Ma una simile condivisione, argomentano gli attivisti per la privacy, apre le porte a possibili abusi — a maggior ragione se si considera che non tutti gli Stati membri guardano ai diritti umani allo stesso modo.

This is concerning on a national level and on a European level, especially as some EU countries veer towards more authoritarian governments

ha detto a The Intercept Edin Omanovic, advocacy director di Privacy International.

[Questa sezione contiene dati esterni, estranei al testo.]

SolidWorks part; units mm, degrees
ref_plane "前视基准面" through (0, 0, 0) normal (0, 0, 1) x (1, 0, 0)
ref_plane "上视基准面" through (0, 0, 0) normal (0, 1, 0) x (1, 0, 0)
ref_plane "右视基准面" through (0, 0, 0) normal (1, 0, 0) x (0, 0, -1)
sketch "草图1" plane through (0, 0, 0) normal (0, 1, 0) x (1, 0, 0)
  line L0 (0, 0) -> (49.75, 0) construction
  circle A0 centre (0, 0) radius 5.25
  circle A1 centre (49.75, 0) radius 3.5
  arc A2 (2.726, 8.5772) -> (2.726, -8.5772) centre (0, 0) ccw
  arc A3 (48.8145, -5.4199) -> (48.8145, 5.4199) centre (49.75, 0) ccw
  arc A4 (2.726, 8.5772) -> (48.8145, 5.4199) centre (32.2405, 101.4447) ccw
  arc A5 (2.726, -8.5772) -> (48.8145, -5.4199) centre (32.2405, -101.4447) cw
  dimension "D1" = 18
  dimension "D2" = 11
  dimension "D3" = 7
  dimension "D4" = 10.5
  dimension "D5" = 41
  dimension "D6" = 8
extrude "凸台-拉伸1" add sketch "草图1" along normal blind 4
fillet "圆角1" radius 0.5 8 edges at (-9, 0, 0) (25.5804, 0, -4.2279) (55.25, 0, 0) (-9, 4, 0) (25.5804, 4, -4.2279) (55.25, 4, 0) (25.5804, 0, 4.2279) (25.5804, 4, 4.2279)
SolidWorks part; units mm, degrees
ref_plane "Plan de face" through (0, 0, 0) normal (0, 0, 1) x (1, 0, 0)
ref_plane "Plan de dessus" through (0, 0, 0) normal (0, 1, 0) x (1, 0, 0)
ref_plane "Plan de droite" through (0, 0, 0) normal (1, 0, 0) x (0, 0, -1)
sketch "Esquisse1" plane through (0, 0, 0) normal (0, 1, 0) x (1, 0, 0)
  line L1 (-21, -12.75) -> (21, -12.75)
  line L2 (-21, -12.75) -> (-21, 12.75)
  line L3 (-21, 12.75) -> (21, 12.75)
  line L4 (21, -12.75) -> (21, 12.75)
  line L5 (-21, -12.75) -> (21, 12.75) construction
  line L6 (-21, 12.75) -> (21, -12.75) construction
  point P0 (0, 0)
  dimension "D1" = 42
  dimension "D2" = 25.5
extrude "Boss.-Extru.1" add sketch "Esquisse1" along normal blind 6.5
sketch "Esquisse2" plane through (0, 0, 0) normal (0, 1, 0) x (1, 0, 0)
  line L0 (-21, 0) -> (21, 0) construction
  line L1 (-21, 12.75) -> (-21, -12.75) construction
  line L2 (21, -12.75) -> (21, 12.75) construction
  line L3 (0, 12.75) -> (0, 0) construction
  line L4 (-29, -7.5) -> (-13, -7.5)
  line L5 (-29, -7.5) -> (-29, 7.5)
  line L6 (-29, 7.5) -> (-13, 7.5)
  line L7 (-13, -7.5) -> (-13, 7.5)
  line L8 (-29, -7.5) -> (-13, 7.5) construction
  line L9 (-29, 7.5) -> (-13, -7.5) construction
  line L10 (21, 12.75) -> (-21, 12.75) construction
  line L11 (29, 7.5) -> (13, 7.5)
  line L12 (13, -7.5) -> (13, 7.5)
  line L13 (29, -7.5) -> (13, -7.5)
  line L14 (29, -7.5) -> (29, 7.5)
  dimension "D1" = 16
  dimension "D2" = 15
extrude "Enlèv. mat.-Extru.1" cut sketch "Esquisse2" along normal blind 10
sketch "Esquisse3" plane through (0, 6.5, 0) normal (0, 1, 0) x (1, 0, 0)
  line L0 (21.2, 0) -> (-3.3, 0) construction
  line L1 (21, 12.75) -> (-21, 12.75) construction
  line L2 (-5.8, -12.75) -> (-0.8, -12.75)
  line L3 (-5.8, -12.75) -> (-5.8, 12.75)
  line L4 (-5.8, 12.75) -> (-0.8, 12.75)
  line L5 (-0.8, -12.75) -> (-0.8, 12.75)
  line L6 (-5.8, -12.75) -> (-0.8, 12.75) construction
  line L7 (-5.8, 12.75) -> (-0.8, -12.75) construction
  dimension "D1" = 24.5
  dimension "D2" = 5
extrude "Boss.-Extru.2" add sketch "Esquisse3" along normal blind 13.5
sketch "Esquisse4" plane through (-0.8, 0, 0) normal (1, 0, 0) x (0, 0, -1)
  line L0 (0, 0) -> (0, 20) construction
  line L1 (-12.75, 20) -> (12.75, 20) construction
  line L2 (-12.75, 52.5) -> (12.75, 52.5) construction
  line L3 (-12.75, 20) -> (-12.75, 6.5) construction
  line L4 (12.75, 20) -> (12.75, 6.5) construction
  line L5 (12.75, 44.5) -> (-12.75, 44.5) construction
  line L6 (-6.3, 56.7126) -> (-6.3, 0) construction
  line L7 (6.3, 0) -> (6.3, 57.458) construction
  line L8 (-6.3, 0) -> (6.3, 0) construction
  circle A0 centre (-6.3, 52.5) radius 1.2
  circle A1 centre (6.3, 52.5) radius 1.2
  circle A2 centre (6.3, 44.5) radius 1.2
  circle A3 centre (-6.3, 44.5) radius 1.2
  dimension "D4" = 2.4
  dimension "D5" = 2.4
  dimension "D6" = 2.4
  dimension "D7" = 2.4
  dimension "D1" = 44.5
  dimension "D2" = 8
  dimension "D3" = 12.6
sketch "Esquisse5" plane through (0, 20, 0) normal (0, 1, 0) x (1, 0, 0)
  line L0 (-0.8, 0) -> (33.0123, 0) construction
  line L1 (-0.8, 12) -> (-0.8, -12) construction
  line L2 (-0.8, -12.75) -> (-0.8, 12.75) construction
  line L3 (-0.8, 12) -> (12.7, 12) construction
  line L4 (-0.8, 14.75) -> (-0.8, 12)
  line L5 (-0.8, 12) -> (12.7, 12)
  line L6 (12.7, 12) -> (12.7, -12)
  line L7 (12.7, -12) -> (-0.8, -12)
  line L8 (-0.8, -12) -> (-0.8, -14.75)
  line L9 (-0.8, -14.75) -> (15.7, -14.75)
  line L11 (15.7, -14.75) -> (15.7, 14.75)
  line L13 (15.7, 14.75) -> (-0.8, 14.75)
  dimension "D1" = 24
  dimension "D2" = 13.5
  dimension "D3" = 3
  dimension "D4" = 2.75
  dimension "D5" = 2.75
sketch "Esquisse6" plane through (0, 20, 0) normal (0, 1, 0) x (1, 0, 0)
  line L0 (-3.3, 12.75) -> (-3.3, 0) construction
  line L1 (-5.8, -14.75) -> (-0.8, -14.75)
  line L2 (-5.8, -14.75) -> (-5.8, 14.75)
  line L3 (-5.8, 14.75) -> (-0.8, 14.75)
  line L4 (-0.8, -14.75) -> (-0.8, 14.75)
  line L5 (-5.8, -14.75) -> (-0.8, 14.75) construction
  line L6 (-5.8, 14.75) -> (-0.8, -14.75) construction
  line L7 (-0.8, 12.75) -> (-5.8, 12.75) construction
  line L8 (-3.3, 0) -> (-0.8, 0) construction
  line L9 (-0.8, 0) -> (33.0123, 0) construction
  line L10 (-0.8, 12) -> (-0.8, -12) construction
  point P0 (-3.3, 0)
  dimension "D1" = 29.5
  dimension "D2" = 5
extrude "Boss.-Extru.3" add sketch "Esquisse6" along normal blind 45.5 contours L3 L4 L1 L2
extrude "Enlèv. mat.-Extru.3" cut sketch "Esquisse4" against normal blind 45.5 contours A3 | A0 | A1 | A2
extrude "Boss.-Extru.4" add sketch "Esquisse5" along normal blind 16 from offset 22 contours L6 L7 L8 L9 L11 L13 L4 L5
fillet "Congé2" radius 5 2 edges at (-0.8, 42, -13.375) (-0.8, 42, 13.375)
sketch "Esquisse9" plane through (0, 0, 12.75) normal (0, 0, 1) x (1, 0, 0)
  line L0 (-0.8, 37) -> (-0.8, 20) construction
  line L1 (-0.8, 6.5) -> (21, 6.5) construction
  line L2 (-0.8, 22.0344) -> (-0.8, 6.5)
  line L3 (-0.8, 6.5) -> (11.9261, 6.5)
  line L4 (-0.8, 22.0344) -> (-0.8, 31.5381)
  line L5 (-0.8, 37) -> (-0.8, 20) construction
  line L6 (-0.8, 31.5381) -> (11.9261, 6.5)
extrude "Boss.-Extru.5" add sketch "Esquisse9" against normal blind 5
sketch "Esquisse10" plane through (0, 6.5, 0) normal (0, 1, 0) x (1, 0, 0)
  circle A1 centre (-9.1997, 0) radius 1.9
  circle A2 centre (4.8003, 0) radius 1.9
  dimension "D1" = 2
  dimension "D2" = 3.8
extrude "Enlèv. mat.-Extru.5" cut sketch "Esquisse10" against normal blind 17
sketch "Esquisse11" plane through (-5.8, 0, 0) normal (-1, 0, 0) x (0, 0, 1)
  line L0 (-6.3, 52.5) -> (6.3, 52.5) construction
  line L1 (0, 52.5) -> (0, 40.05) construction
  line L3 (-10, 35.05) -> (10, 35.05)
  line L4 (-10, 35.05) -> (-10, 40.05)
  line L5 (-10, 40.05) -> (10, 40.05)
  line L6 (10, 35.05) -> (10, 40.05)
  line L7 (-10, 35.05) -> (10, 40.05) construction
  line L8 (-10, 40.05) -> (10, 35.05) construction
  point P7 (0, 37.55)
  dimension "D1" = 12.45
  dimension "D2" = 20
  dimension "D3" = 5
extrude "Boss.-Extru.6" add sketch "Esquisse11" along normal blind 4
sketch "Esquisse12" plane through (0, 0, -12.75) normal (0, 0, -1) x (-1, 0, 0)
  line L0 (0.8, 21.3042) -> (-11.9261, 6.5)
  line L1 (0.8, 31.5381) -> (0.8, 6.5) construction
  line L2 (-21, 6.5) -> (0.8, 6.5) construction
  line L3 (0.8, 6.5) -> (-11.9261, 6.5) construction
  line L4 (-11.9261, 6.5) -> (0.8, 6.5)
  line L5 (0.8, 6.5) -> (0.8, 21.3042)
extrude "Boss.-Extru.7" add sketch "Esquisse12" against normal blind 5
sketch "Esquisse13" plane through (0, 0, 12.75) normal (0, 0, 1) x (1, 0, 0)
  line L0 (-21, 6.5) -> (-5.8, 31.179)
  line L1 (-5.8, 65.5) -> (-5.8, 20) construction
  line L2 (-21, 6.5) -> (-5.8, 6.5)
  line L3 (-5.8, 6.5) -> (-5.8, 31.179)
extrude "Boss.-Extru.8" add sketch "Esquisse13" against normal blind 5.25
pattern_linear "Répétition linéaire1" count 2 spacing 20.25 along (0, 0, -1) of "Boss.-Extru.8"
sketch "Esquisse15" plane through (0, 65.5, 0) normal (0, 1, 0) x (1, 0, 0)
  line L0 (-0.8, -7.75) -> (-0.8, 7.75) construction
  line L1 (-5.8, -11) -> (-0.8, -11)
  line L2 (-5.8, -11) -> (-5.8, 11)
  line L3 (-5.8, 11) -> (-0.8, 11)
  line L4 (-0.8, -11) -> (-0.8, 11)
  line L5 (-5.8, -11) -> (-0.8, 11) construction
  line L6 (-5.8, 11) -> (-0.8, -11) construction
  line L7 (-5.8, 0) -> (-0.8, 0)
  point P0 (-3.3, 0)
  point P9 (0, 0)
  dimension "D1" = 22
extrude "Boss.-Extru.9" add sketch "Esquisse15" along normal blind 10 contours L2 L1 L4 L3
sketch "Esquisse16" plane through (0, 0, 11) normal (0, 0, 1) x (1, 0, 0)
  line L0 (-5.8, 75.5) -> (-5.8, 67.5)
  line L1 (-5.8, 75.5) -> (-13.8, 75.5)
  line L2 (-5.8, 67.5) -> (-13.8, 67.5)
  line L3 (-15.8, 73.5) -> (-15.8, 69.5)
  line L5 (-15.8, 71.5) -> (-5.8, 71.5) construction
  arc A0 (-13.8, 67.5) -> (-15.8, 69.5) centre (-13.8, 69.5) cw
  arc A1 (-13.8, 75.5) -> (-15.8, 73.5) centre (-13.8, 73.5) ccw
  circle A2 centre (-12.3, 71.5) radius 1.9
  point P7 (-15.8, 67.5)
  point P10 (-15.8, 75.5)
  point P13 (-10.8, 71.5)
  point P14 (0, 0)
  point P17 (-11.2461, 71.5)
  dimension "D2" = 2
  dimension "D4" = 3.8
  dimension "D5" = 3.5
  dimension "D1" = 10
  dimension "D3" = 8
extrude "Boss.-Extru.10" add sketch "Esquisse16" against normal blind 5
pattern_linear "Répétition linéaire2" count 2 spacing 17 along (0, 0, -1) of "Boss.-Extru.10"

Dello stesso parere è anche l’Hermes Center, che sottolinea anche il rischio che un patrimonio di dati così delicati e personali possa finire nelle mani sbagliate:

Siamo preoccupati per un possibile uso improprio di questo database da parte delle forze dell’ordine europee. Si pensi alla sorveglianza politica — per sopprimere le proteste politiche contro i governi, ad esempio—  ma anche alle preoccupazioni per la privacy, considerando che ogni giorno apprendiamo di nuovi data breach: raccogliere e connettere le facce dei cittadini dell’UE in un unico database mette in pericolo al loro privacy e la loro integrità.

La tecnologia di riconoscimento facciale si presta ad operazioni di sorveglianza pervasive e ingiustificate: non possiamo scollegarci dai nostri dati biometrici.

ci spiega sempre Coluccini.

 

 

 

Il riconoscimento facciale in Italia  e nel mondo

In Italia le forze dell’ordine usano una tecnologia chiamata SARI

In Italia le forze dell’ordine utilizzano già il riconoscimento facciale per il contrasto al crimine. La polizia scientifica usa dal 2018 il sistema SARI (acronimo di Sistema automatico di riconoscimento facciale), che può contare su un database di 16 milioni di volti — che non necessariamente corrispondono a 16 milioni di individui. Parliamo di persone note alle forze dell’ordine, con dei precedenti e già schedate.

Una inchiesta di Wired pubblicata ad aprile del 2019 era risalita ad un numero di circa 9 milioni di individui schedati dal sistema SARI, di cui soltanto 2 milioni di nazionalità italiana.

Peraltro Wired avanzava il dubbio che le forze dell’ordine avessero iniziato ad usare il sistema SARI con largo anticipo rispetto all’annuncio al pubblico del settembre del 2018 – quando due rapinatori georgiani vennero identificati in questo modo a Brescia.

 

Una esemplificazione del sistema SARI Real Time mostrata durante il servizio di Sky TG24

 

Il sistema attualmente in uso funziona attraverso un match tra una persona sospetta e le identità già schedate e inserite nel database SARI. Cosa ben diversa da un sistema in grado di riconoscere un volto e associarlo ad una identità in un contesto dinamico e in tempo reale — ad esempio usando le telecamere di videosorveglianza per monitorare l’ingresso negli stadi. Una tecnologia di questo tipo è attualmente in fase di progettazione, ma essendo ancora acerba non è in uso. Si chiama SARI Real Time, e la polizia potrebbe utilizzarla in scenari circoscritti (come i grandi eventi) in un futuro non troppo lontano da oggi.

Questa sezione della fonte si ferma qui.